There has been much said about the art of filmmaking and how it has evolved over the decades and one of its contemporary premium purveyors is David Fincher, whose unwavering attention to his craft has been met with choruses of praise and some of exhaustion. For Fincher, who started working on music videos before his big break with 1992’s ill-fated Alien 3, his art form is his life, soul, blood, sweat, and tears, and his meticulous attention to detail and careful crafting of every scene is legendary.
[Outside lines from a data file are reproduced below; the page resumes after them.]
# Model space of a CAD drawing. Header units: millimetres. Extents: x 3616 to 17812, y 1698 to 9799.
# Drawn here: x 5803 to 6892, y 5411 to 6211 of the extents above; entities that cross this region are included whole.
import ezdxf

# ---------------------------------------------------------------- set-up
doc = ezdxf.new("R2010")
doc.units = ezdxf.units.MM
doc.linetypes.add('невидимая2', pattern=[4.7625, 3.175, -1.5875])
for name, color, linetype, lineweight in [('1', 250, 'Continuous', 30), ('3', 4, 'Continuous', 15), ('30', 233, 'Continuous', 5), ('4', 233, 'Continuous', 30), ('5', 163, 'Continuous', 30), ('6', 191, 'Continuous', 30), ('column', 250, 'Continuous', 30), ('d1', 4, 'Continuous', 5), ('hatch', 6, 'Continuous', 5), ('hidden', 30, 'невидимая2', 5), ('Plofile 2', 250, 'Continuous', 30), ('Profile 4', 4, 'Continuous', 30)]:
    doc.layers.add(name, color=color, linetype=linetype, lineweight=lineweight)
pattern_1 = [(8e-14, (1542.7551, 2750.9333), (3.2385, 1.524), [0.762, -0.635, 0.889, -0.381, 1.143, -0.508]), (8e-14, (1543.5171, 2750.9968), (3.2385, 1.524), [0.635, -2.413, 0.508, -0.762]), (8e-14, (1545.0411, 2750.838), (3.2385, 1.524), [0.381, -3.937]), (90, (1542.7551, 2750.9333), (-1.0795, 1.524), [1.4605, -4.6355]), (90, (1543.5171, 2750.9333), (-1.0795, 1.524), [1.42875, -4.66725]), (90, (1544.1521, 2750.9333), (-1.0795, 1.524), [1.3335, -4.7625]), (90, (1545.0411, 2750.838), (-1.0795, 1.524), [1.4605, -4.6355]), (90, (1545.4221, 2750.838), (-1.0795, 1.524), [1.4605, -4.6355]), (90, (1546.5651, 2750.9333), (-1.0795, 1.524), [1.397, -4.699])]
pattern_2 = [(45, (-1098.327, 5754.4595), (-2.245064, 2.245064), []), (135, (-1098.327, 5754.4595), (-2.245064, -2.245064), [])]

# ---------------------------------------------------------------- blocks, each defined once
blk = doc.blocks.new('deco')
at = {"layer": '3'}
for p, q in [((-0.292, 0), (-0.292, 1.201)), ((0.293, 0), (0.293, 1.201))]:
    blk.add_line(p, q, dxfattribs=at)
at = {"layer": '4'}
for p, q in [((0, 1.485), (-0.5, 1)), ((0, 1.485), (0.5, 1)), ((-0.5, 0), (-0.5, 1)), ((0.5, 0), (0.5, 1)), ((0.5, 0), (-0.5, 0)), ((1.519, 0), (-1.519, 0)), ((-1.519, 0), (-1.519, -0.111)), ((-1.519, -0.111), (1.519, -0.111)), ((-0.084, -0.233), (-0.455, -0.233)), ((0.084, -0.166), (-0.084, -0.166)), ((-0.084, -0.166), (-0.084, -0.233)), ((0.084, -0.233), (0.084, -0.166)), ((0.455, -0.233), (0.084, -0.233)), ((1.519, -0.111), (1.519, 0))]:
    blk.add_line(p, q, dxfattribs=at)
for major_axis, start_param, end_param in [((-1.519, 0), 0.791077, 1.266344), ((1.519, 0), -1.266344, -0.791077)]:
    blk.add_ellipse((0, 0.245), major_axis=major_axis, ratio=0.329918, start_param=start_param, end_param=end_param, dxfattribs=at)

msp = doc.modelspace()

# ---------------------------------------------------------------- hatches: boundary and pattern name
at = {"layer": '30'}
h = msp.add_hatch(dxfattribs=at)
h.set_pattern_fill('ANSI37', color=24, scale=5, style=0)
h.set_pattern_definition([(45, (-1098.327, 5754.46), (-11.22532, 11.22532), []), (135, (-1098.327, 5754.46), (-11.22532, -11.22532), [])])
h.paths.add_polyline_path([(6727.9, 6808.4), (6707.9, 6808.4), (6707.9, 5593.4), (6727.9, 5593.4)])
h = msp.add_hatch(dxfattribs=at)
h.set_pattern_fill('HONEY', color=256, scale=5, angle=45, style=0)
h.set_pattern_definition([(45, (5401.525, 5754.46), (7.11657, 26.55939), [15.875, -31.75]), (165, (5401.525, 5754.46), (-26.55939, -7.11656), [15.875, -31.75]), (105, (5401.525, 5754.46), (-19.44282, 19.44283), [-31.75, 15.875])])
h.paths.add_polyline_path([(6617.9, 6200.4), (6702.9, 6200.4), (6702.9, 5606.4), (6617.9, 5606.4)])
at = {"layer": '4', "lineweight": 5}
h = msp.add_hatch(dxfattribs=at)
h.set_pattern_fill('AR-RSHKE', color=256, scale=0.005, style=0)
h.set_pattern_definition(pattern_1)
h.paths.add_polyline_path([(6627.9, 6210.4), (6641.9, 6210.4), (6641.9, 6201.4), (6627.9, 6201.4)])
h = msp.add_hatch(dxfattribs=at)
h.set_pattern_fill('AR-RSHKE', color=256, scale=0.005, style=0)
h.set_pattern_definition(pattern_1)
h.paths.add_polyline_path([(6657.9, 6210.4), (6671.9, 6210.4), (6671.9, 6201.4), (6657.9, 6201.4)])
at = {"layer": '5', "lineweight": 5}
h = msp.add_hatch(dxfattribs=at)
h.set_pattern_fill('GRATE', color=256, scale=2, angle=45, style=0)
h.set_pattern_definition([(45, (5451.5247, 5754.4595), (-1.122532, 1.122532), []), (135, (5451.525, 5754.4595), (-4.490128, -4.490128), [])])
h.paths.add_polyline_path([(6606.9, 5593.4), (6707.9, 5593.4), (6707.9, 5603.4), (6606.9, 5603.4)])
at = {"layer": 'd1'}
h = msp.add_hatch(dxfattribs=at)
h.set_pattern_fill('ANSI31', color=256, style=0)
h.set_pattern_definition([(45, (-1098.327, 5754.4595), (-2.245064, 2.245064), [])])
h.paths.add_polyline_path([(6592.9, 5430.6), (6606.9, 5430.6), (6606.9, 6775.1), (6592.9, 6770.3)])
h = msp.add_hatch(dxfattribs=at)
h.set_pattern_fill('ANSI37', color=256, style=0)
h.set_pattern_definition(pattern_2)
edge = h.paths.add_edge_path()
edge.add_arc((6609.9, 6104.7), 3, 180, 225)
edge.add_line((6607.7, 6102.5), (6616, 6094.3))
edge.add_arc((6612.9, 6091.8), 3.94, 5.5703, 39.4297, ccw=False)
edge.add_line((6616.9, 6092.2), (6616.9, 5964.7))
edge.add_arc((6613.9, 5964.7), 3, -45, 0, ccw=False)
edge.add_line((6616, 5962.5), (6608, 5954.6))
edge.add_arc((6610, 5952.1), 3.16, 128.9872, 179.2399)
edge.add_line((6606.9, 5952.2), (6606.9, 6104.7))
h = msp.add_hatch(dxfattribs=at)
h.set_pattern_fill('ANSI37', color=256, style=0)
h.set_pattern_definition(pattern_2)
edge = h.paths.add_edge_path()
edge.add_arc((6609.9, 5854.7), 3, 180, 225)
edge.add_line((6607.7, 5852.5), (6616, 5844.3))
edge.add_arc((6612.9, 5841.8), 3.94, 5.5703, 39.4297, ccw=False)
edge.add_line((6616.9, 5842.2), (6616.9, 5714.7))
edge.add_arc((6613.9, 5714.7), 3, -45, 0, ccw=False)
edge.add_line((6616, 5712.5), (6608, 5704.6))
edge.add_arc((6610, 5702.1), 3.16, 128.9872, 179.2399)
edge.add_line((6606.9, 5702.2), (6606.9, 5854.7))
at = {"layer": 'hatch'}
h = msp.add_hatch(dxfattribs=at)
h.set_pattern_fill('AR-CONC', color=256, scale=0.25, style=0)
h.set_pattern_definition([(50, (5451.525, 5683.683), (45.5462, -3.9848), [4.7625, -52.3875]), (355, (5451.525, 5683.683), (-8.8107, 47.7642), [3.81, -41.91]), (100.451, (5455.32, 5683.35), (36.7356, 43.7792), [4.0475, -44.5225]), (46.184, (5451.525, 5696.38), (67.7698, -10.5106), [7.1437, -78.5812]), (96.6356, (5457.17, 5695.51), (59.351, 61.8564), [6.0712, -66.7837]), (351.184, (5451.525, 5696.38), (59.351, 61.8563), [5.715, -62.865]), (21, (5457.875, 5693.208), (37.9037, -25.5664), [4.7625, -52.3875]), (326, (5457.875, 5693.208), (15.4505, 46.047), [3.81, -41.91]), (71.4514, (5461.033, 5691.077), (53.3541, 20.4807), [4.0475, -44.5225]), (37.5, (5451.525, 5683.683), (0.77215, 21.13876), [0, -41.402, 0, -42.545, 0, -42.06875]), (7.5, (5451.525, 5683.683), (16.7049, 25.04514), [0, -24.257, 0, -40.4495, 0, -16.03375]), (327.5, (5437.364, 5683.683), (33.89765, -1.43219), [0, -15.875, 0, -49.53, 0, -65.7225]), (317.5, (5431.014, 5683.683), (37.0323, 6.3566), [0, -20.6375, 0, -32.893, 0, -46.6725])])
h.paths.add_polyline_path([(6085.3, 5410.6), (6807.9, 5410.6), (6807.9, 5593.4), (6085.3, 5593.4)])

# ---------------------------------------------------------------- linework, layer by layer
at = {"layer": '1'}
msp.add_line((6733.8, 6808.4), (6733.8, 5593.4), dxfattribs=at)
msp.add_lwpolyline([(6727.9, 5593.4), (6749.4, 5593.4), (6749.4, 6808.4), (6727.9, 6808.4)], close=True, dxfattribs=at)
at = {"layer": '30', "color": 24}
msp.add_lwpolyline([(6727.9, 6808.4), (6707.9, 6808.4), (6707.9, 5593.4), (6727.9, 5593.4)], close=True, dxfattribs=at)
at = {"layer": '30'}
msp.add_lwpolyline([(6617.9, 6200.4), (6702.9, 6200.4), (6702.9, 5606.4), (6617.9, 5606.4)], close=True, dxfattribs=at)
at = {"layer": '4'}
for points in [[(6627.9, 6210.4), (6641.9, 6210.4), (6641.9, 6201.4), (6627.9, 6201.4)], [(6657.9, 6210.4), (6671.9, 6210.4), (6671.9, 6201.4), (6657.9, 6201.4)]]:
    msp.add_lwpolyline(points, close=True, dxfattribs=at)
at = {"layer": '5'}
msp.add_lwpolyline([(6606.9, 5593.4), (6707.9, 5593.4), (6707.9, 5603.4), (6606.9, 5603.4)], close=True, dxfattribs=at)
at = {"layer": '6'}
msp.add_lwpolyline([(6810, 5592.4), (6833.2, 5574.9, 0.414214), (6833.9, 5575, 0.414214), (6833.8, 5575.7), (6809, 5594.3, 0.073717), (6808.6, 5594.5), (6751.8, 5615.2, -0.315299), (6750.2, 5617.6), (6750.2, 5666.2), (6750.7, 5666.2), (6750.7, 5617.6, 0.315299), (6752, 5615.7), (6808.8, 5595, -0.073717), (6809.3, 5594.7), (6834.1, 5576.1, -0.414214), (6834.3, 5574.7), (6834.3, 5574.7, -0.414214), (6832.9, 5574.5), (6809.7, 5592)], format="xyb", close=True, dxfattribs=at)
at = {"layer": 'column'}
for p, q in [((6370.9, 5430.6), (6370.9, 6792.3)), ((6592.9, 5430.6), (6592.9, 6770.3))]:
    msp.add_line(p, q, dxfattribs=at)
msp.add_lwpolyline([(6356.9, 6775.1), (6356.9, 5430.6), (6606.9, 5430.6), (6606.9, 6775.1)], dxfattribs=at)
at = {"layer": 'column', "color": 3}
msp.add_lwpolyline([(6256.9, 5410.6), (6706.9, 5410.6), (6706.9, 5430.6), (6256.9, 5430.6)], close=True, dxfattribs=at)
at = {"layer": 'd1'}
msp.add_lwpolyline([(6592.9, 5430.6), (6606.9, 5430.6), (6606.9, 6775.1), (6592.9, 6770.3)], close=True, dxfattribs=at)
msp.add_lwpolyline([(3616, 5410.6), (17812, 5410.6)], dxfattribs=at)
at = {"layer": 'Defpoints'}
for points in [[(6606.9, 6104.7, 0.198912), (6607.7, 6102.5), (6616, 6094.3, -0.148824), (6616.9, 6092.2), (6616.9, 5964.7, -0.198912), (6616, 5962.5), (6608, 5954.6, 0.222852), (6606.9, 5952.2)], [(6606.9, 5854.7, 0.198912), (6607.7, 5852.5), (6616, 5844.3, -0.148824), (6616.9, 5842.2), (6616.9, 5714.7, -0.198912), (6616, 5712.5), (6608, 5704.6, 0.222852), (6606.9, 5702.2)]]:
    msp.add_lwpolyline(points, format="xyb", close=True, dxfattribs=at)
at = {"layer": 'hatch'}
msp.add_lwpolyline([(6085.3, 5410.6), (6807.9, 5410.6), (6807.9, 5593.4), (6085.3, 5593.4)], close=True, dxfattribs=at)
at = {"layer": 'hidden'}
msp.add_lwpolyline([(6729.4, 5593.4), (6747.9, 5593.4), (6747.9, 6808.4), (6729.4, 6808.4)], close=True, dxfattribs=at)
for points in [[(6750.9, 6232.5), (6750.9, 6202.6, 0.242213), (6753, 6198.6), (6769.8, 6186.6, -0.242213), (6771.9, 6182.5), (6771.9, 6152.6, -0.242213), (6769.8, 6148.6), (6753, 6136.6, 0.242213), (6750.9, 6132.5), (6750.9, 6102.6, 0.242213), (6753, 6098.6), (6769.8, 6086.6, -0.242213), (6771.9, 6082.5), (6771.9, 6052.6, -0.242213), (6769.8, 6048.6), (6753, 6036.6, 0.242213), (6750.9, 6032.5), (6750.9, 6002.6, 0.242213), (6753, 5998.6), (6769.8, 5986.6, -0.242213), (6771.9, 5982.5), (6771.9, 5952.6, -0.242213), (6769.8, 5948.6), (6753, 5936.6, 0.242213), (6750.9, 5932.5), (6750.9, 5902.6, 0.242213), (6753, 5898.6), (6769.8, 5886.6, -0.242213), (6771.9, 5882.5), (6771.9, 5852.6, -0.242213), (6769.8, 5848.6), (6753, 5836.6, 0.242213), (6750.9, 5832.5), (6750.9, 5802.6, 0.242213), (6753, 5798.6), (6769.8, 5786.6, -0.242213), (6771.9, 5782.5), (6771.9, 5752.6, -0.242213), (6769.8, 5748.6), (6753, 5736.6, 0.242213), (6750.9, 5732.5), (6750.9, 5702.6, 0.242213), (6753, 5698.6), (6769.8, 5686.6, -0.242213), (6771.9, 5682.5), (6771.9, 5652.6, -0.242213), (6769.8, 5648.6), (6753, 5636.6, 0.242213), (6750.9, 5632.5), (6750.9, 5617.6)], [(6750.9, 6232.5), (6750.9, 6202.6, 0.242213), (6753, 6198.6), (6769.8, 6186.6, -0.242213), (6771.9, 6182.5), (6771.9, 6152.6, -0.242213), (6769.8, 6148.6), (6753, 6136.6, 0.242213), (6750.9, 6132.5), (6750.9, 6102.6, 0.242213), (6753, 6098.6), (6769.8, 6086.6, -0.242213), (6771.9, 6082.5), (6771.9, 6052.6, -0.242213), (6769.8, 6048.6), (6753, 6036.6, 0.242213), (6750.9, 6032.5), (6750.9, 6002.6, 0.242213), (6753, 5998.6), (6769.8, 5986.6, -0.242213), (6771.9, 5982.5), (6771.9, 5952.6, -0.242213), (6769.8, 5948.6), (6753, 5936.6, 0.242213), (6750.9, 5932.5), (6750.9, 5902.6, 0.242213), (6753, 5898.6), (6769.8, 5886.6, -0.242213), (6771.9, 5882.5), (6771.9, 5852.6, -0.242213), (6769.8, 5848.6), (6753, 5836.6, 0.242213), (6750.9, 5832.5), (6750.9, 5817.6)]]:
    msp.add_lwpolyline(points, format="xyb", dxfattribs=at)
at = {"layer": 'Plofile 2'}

Still, sometimes such obsessions can lead to problems. Just look at how Michael Cimino failed spectacularly with such an ethos with Heaven’s Gate: it almost closed the gates of United Artists in 1980, went 400% over budget, and saw the era of the auteur shudder to a halt, with the studios taking control.
Fincher, though, is built differently from Cimino or any other director as his techniques, compositions, editing, music, and shots are designed to be perfect, even if it means fifty takes. He is truly unique, as are his films, and The Killer, his latest collaboration with Netflix after 2020’s Mank, is very much a film designed for the filmmaker. In fact, it’s easy to see the appeal of not only adapting a brilliant comic book to the screen with his customary artistry, but the story of a precise, confident, unwavering hitman also echoes much of his directorial prowess and power, as well as the effects – and pressures – of a miss, rather than a hit, in the world of filmmaking as a whole.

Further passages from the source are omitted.